IBM HR Analytics Employee Attrition & Performance
Introduction
In most of my analysis I have used SQL and either Power BI or Tableau to analyze the data and draw conclusions but in this project I will only be using SQL to find insights and draw conclusions on Employee Attrition. This is a fictitious dataset that I found on Kaggle and felt that it might be a great dataset to practice on. The dataset came as an Excel CSV File and you can find the dataset on this link (https://www.kaggle.com/datasets/pavansubhasht/ibm-hr-analytics-attrition-dataset)
Data Cleaning and Preparation
After downloading the data set from Kaggle I first made sure there were no duplicates. To ensure there are no duplicates I highlighted the entire Excel sheet went to the data tab then clicked on the remove duplicates option. I then recoded the legend in the dataset where there was a number I filled in the required legend. For example on the Education where it was
1 ‘Below College’,2 ‘College’ I renamed them as Below College , Collège etc., This applied also to all the other fields that had similar numbered coding.

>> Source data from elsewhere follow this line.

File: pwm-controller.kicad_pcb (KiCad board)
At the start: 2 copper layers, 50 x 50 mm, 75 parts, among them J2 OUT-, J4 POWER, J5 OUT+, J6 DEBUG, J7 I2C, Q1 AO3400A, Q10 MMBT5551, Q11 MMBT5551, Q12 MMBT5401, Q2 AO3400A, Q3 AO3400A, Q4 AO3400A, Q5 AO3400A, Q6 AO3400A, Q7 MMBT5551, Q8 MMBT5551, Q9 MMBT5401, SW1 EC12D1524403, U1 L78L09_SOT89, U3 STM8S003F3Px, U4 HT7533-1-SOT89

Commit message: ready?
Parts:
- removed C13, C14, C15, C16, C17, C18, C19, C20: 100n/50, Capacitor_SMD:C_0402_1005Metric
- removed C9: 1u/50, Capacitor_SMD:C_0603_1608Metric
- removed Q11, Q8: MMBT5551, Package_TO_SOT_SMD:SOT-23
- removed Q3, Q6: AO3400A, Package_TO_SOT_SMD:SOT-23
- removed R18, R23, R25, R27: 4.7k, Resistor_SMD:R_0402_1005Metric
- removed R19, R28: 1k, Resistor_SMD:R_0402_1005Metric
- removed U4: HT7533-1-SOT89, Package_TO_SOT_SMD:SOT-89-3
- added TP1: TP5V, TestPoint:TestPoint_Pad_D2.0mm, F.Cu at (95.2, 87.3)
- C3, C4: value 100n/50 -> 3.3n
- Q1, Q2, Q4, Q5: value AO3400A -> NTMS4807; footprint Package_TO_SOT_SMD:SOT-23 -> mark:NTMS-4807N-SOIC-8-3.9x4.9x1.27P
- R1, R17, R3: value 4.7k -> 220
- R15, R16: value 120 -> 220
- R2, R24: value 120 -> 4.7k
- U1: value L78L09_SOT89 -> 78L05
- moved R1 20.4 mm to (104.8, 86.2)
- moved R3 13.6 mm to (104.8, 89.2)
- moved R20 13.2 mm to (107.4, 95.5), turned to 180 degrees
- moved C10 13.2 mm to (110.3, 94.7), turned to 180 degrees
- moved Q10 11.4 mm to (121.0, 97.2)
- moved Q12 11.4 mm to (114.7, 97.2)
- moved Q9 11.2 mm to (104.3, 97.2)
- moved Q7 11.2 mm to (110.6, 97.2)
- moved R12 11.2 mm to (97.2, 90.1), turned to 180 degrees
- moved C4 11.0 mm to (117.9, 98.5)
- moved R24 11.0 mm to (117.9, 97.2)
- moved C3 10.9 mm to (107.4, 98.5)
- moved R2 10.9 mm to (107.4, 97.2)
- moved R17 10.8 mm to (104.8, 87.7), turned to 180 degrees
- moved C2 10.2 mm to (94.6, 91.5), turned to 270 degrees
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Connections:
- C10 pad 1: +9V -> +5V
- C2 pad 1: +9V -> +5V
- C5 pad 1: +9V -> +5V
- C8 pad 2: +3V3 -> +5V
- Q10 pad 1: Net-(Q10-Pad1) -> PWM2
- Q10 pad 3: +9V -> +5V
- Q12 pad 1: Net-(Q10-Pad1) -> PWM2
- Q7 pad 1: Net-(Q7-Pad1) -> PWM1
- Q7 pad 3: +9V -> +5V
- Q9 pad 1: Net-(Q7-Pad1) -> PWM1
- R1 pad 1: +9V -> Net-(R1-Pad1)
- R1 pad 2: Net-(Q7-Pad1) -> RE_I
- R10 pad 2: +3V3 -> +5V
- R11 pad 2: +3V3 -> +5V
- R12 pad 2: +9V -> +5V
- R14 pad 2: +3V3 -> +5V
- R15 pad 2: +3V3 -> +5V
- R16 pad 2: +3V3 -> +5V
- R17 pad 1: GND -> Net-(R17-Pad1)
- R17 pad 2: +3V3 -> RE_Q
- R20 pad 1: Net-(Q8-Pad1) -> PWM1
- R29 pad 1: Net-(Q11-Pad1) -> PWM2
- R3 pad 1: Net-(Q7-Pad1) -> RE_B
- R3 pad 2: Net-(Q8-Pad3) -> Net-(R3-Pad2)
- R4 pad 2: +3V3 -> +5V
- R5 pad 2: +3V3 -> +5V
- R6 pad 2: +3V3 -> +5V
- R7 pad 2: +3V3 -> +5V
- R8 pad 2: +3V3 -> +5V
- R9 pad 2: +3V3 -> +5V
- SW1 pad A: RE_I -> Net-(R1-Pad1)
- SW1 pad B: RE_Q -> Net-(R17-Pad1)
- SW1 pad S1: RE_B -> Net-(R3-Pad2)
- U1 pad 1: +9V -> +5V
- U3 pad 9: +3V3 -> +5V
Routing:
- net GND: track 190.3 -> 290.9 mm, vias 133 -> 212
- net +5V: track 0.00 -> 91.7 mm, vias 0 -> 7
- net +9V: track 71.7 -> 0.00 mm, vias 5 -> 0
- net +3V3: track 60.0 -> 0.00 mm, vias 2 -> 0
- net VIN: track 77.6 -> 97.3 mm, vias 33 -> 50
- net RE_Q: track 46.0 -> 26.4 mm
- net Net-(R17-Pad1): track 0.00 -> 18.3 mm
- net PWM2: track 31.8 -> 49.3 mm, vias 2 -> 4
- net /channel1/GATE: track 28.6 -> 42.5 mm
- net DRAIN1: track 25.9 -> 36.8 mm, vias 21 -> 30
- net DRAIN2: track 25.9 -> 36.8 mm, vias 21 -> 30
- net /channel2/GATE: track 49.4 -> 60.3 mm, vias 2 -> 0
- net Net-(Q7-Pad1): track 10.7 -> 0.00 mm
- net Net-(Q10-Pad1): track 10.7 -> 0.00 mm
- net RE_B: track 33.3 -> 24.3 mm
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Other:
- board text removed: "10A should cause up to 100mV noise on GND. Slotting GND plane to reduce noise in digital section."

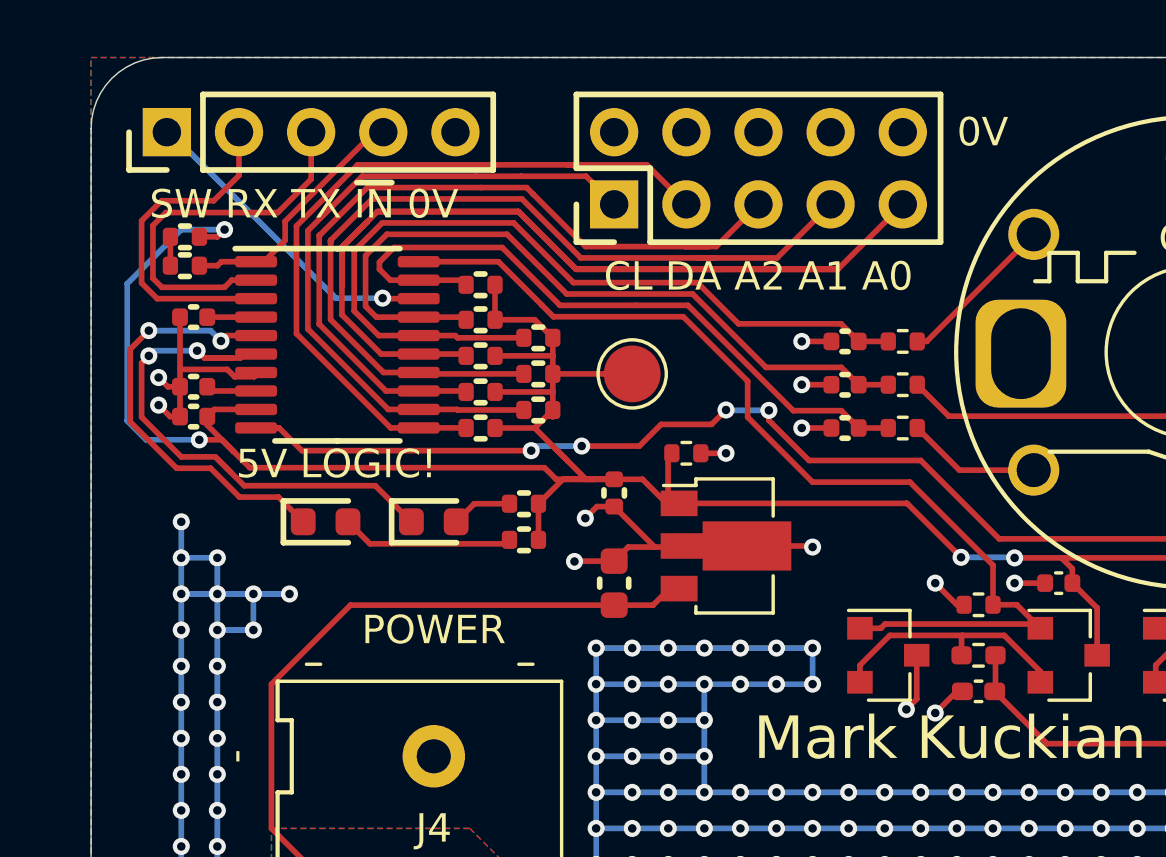
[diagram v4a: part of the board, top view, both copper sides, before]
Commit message: about to remove most pullups (use internals instead) and reroute IOs
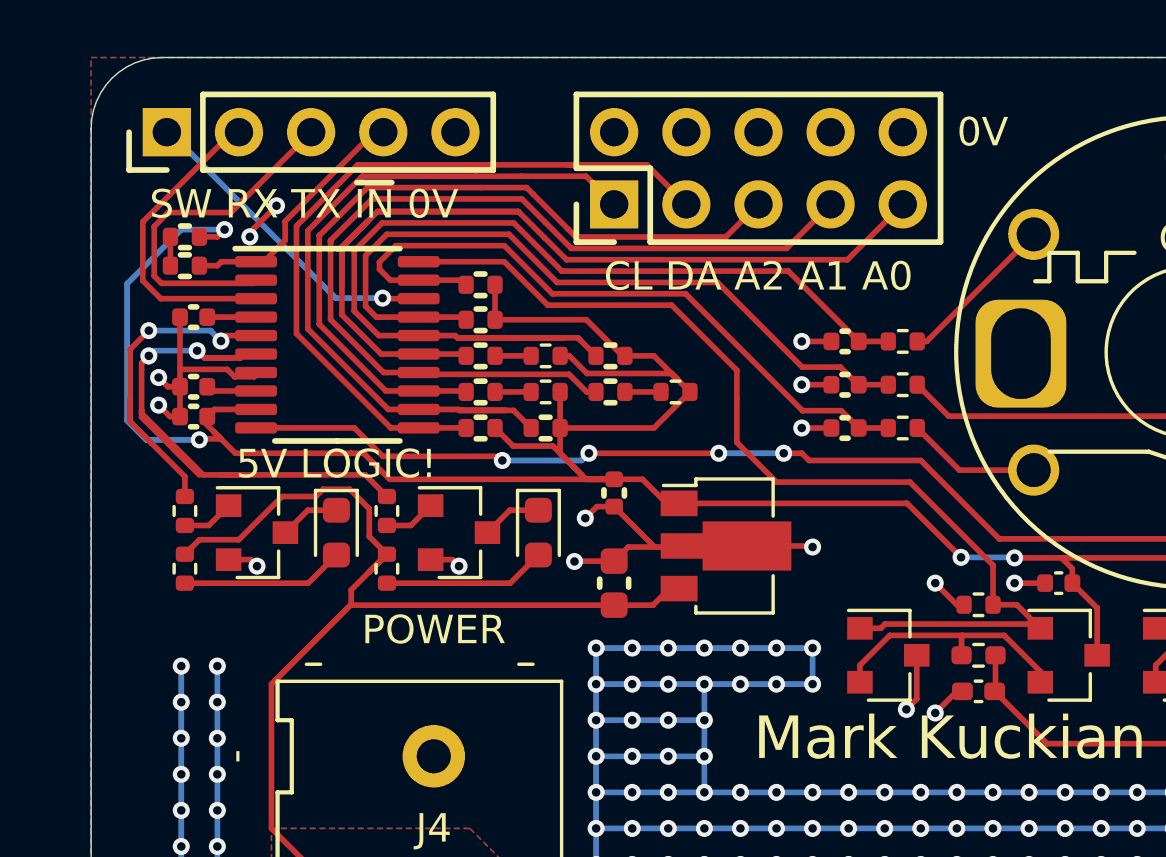
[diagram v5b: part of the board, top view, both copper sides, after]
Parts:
- removed TP1: TP5V, TestPoint:TestPoint_Pad_D2.0mm
- added Q3: MMBT5551, Package_TO_SOT_SMD:SOT-23, F.Cu at (82.0, 92.9)
- added Q6: MMBT5551, Package_TO_SOT_SMD:SOT-23, F.Cu at (89.2, 92.9)
- added R18: 220, Resistor_SMD:R_0402_1005Metric, F.Cu at (86.6, 94.2)
- added R19: 4.7k, Resistor_SMD:R_0402_1005Metric, F.Cu at (92.2, 88.0)
- added R21: 4.7k, Resistor_SMD:R_0402_1005Metric, F.Cu at (96.8, 88.0)
- added R22: 4.7k, Resistor_SMD:R_0402_1005Metric, F.Cu at (92.2, 86.7)
- R16: value 220 -> 4.7k
- moved R12 17.8 mm to (79.5, 92.2), turned to 90 degrees
- moved R15 12.0 mm to (79.5, 94.2), turned to 90 degrees
- moved R16 4.83 mm to (86.6, 92.2), turned to 90 degrees
- moved D2 3.70 mm to (91.9, 92.9), turned to 270 degrees
- moved R6 2.62 mm to (94.5, 86.7)
- moved R9 2.62 mm to (94.5, 88.0)
- moved R4 0.69 mm to (92.2, 89.2)
- moved D1 0.54 mm to (84.8, 92.9), turned to 270 degrees
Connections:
- net Net-(D1-Pad2) renamed /led_driver1/LED_A
- D1 pad 1: LED1 -> /led_driver1/LED_K
- D2 pad 1: LED2 -> /led_driver2/LED_K
- D2 pad 2: Net-(D2-Pad2) -> /led_driver2/LED_A
- R11 pad 2: +5V -> Net-(R11-Pad2)
- R12 pad 1: GND -> Net-(Q3-Pad1)
- R12 pad 2: +5V -> LED1
- R15 pad 2: +5V -> VIN
- R16 pad 1: Net-(D2-Pad2) -> Net-(Q6-Pad1)
- R16 pad 2: +5V -> LED2
- R7 pad 2: +5V -> Net-(R19-Pad1)
- R9 pad 2: +5V -> Net-(R21-Pad1)
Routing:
- net SADD0: track 55.6 -> 36.7 mm
- net VIN: track 97.3 -> 113.7 mm
- net GND: track 290.9 -> 277.2 mm, vias 212 -> 205
- net RE_I: track 29.4 -> 35.9 mm
- net /led_driver2/LED_A: track 0.00 -> 5.75 mm
- net +5V: track 91.7 -> 94.1 mm
- net LED2: track 19.1 -> 21.4 mm
- net LED1: track 15.0 -> 12.8 mm
- net SCL: track 24.3 -> 26.4 mm
- net Net-(D2-Pad2): track 2.14 -> 0.00 mm
- net /led_driver1/LED_K: track 0.00 -> 2.12 mm
- net /led_driver2/LED_K: track 0.00 -> 2.12 mm
- net SADD1: track 30.9 -> 32.8 mm
- net Net-(Q3-Pad1): track 0.00 -> 1.83 mm
- net Net-(Q6-Pad1): track 0.00 -> 1.83 mm
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
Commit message: ready to order?
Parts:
- removed the C2 at (94.6, 91.5)
- removed the H4 at (123.0, 79.4)
- removed the H4 at (123.0, 123.0)
- removed the J6 at (78.9, 78.8)
- removed J7: I2C, Connector_PinHeader_2.54mm:PinHeader_2x05_P2.54mm_Vertical
- removed the R10 at (89.9, 84.2)
- removed the R11 at (89.9, 86.7)
- removed the R13 at (79.5, 83.5)
- removed the R14 at (79.5, 82.5)
- removed R19, R21, R22: 4.7k, Resistor_SMD:R_0402_1005Metric
- removed the R5 at (89.9, 89.2)
- removed the R6 at (94.5, 86.7)
- removed the R7 at (89.9, 88.0)
- removed the R8 at (89.9, 85.4)
- removed the R9 at (94.5, 88.0)
- added C3: 3.3n, Capacitor_SMD:C_0402_1005Metric, F.Cu at (90.9, 87.1)
- added C5: 100n/50, Capacitor_SMD:C_0402_1005Metric, F.Cu at (95.8, 92.2)
- added D1: B5819W SL, Diode_SMD:D_SOD-123, F.Cu at (93.5, 99.1)
- added H3: M2, MountingHole:MountingHole_2mm, F.Cu at (93.5, 110.0)
- added H5: M2, MountingHole:MountingHole_2.2mm_M2, F.Cu at (123.0, 123.0)
- added H6: M2, MountingHole:MountingHole_2mm, F.Cu at (123.5, 110.0)
- added H8: M2, MountingHole:MountingHole_2.2mm_M2, F.Cu at (123.0, 79.4)
- added J1: DEBUG_ADDRESS_I2C_INT, Connector_PinHeader_2.54mm:PinHeader_2x09_P2.54mm_Horizontal, F.Cu at (79.5, 82.8)
- added R1: 220, Resistor_SMD:R_0402_1005Metric, F.Cu at (90.7, 90.9)
- added R2: 220, Resistor_SMD:R_0402_1005Metric, F.Cu at (90.7, 91.9)
- added R3: 4.7k, Resistor_SMD:R_0402_1005Metric, F.Cu at (97.3, 87.9)
- moved R4 7.24 mm to (99.3, 87.9), turned to 180 degrees
- moved J4 4.07 mm to (85.1, 105.9)
- moved R13 2.59 mm to (80.0, 96.7)
- moved U1 2.59 mm to (85.4, 88.9)
- moved R15 2.59 mm to (87.1, 96.7)
- moved D3 2.59 mm to (92.5, 95.5)
- moved Q10 2.59 mm to (89.7, 95.5)
- moved R12 2.59 mm to (80.0, 94.7)
- moved C1 2.59 mm to (80.3, 90.3)
- moved C2 2.59 mm to (80.3, 91.4)
- moved C6 2.59 mm to (80.3, 87.9)
- moved D2 2.59 mm to (85.3, 95.5)
- moved Q9 2.59 mm to (82.5, 95.5)
- moved R14 2.59 mm to (87.1, 94.7)
- moved C9 1.92 mm to (103.0, 87.3)
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- renumbered C6 to C1, C5 to C10, C3 to C11, C10 to C12, C4 to C13, C8 to C2, C1 to C4, C7 to C6, C21 to C7, C22 to C8, C23 to C9, D1 to D2, D2 to D3, H5 to H4, J2 to J6, Q7 to Q1, Q6 to Q10, Q9 to Q2, Q1 to Q3, Q2 to Q4, Q10 to Q5, Q12 to Q6, Q4 to Q7, Q5 to Q8, Q3 to Q9, R24 to R10, R29 to R11, R15 to R13, R16 to R14, R18 to R15, R1 to R5, R3 to R6, R17 to R7, R2 to R8, R20 to R9, U3 to U1, U1 to U2
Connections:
- C4 pad 1: VIN -> VIN_D
- R13 pad 2: VIN -> VIN_D
- R15 pad 2: VIN -> VIN_D
- R4 pad 1: SCL -> SDA
- U1 pad 10: PWM2 -> PWM1
- U1 pad 11: SDA -> /SDA_PIN
- U1 pad 12: SCL -> /SCL_PIN
- U1 pad 13: SADD2 -> RE_B
- U1 pad 14: SADD1 -> RE_Q
- U1 pad 15: SADD0 -> RE_I
- U1 pad 16: RE_I -> SADD2
- U1 pad 17: RE_Q -> SADD1
- U1 pad 19: RE_B -> SADD0
- U1 pad 20: PWM1 -> PWM2
- U2 pad 3: VIN -> VIN_D
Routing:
- net +5V: track 94.1 -> 59.1 mm
- net SADD0: track 36.7 -> 8.32 mm
- net VIN_D: track 0.00 -> 28.1 mm
- net SADD1: track 32.8 -> 7.11 mm
- net VIN: track 113.7 -> 93.1 mm, vias 50 -> 47
- net SADD2: track 26.6 -> 7.04 mm
- net RE_I: track 35.9 -> 18.4 mm, vias 0 -> 2
- net GND: track 277.2 -> 289.5 mm, vias 205 -> 201
- net SCL: track 26.4 -> 16.6 mm
- net INT: track 8.98 -> 18.6 mm, vias 0 -> 2
- net RE_Q: track 26.4 -> 18.5 mm, vias 0 -> 2
- net SDA: track 26.9 -> 19.1 mm
- net DRAIN2: track 36.8 -> 44.4 mm, vias 30 -> 32
- net DRAIN1: track 36.8 -> 44.5 mm, vias 30 -> 32
- net UTX: track 12.4 -> 4.82 mm
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- added copper zone on In1.Cu, net GND
- added copper zone on In2.Cu, net GND
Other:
- copper layers 2 -> 4
- board text added: "Basically a (JLC-compatible) 2-layer board design, but done as 4-layer (with ground-fills for inner layers) for better thermals."
- board text removed: "0V"
- board text removed: "CL DA A2 A1 A0"
- board text removed: "SW RX TX ~IN~ 0V"

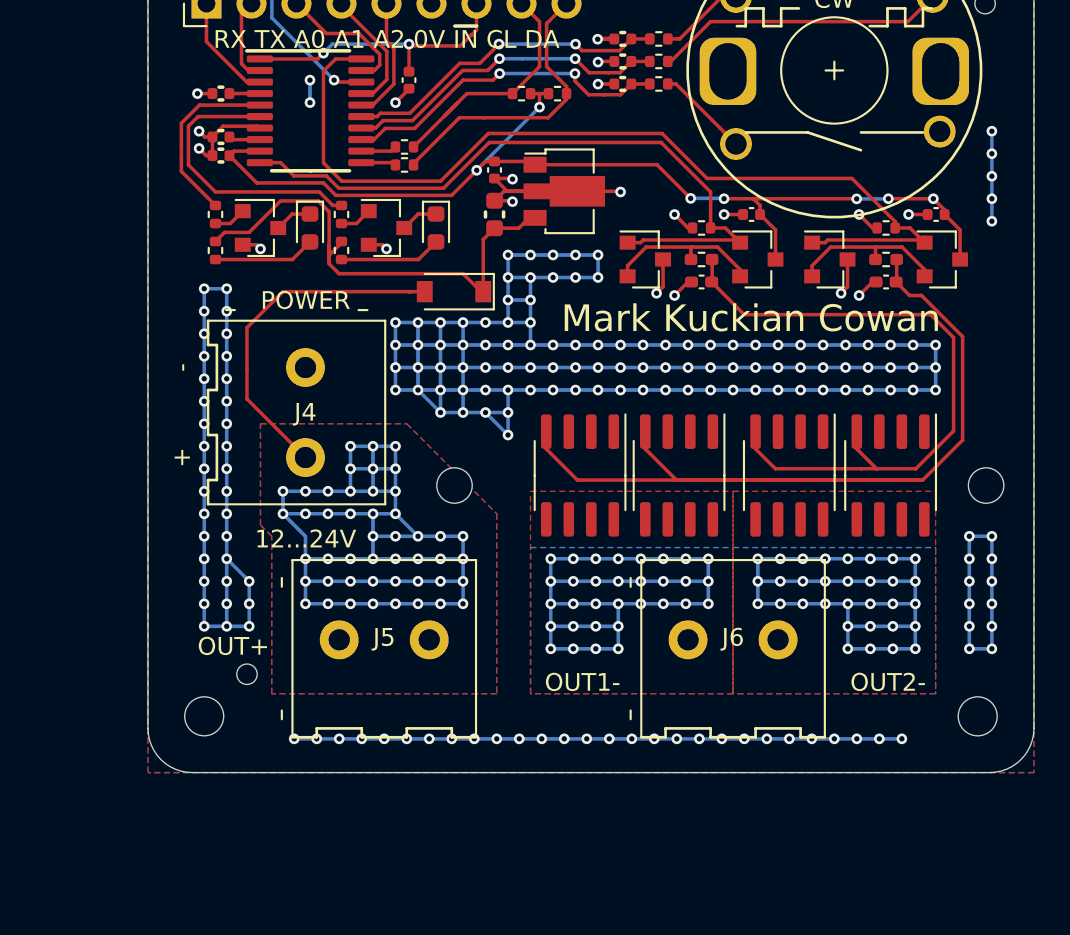
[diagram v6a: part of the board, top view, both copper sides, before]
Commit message: moved screw terminals to edge of board, reduced stitching/thermal-via frequency
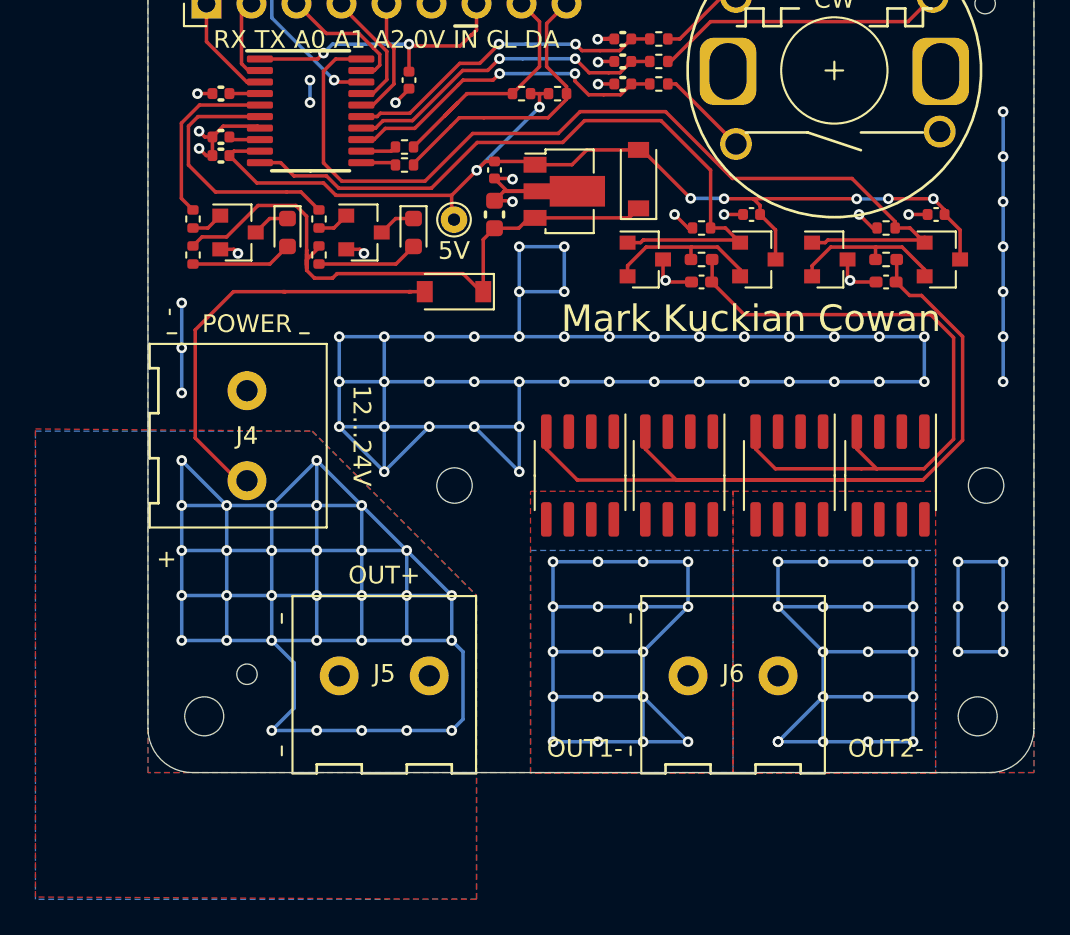
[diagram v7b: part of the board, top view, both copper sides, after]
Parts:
- added D4: B5819W SL, Diode_SMD:D_SOD-123, F.Cu at (103.9, 92.7)
- added TP1: 5V, TestPoint:TestPoint_THTPad_D1.5mm_Drill0.7mm, F.Cu at (93.5, 95.0)
- moved J4 3.55 mm to (81.8, 107.2)
- moved J5 2.03 mm to (89.5, 120.7)
- moved J6 2.03 mm to (109.2, 120.7)
- moved Q10 1.30 mm to (88.4, 95.7)
- moved R12 1.30 mm to (78.7, 95.0)
- moved R13 1.30 mm to (78.7, 97.0)
- moved D2 1.30 mm to (84.1, 95.7)
- moved D3 1.30 mm to (91.2, 95.7)
- moved Q9 1.30 mm to (81.3, 95.7)
- moved R14 1.30 mm to (85.9, 95.0)
- moved R15 1.30 mm to (85.9, 97.0)
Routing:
- net GND: track 289.5 -> 188.5 mm, vias 201 -> 74
- net VIN: track 93.1 -> 168.1 mm, vias 47 -> 32
- net DRAIN2: track 44.4 -> 58.0 mm, vias 32 -> 18
- net DRAIN1: track 44.5 -> 58.0 mm, vias 32 -> 19
- net VIN_D: track 28.1 -> 36.8 mm
- net +5V: track 59.1 -> 61.2 mm
- net PWM1: track 38.8 -> 40.5 mm
- net LED2: track 16.0 -> 14.9 mm
- net PWM2: track 52.9 -> 54.0 mm

As mentioned earlier the only tool of analysis that I will be using is SQL and the platform that I will use is https://sqliteonline.com/
Analyzing Employee Attrition & Performance
The first thing I did was take a look at the table to see the various Columns and I just limited it to the first 5 rows of the table. This gave me a simple overview of the data set. This Data set has 23 Columns and 1470 rows (records) as deduced by the Sql Count Function query below.
SELECT *FROM hr_employee limit 5
The next query was to Count the number of records and also find the number of Female and Male employees in the data set.
SELECT COUNT (*) FROM hr_employee
1470
/*total number of employees is 1470*/
SELECT
COUNT (CASE WHEN gender='Male' then 1 end) as male_cnt,
COUNT (CASE WHEN gender='Female' then 1 end) as female_cnt,
COUNT (*) as total_cnt
FROM hr_employee
Female Employees are 588
Male Employees are 882
Total Number of Employess 1470
/* Employee Gender Count*/
I also wanted to find out the Average Age of Employees and also the Average Age of Female and Male Employees.
SELECT ROUND (AVG (AGE) ,2) as AVERAGE_Employee_AGE
FROM hr_employee
AVERAGE EMPLOYEE AGE is 36.92 Years OLD
SELECT
Round (AVG (age),2)AS FEMALE_AVG_AGE
FROM hr_employee
WHERE gender IS 'Female'
AVERAGE FEMALE EMPLOYEE AGE IS 37.33
SELECT
Round (AVG (age),2) AS MALE_AVG_AGE
FROM hr_employee
WHERE gender IS 'Male'
AVERAGE MALE EMPLOYEE AGE IS 36.65
/* Calculated the Average Employee age and Average Employee Age by Gender*/
From the above analysis we found out that the Average Age of Female Employees was slightly higher than that of the Male employees. I also wanted to explore and see how many employees are Single, Married or Divorced and using the following codes below I was able to pull up the numbers.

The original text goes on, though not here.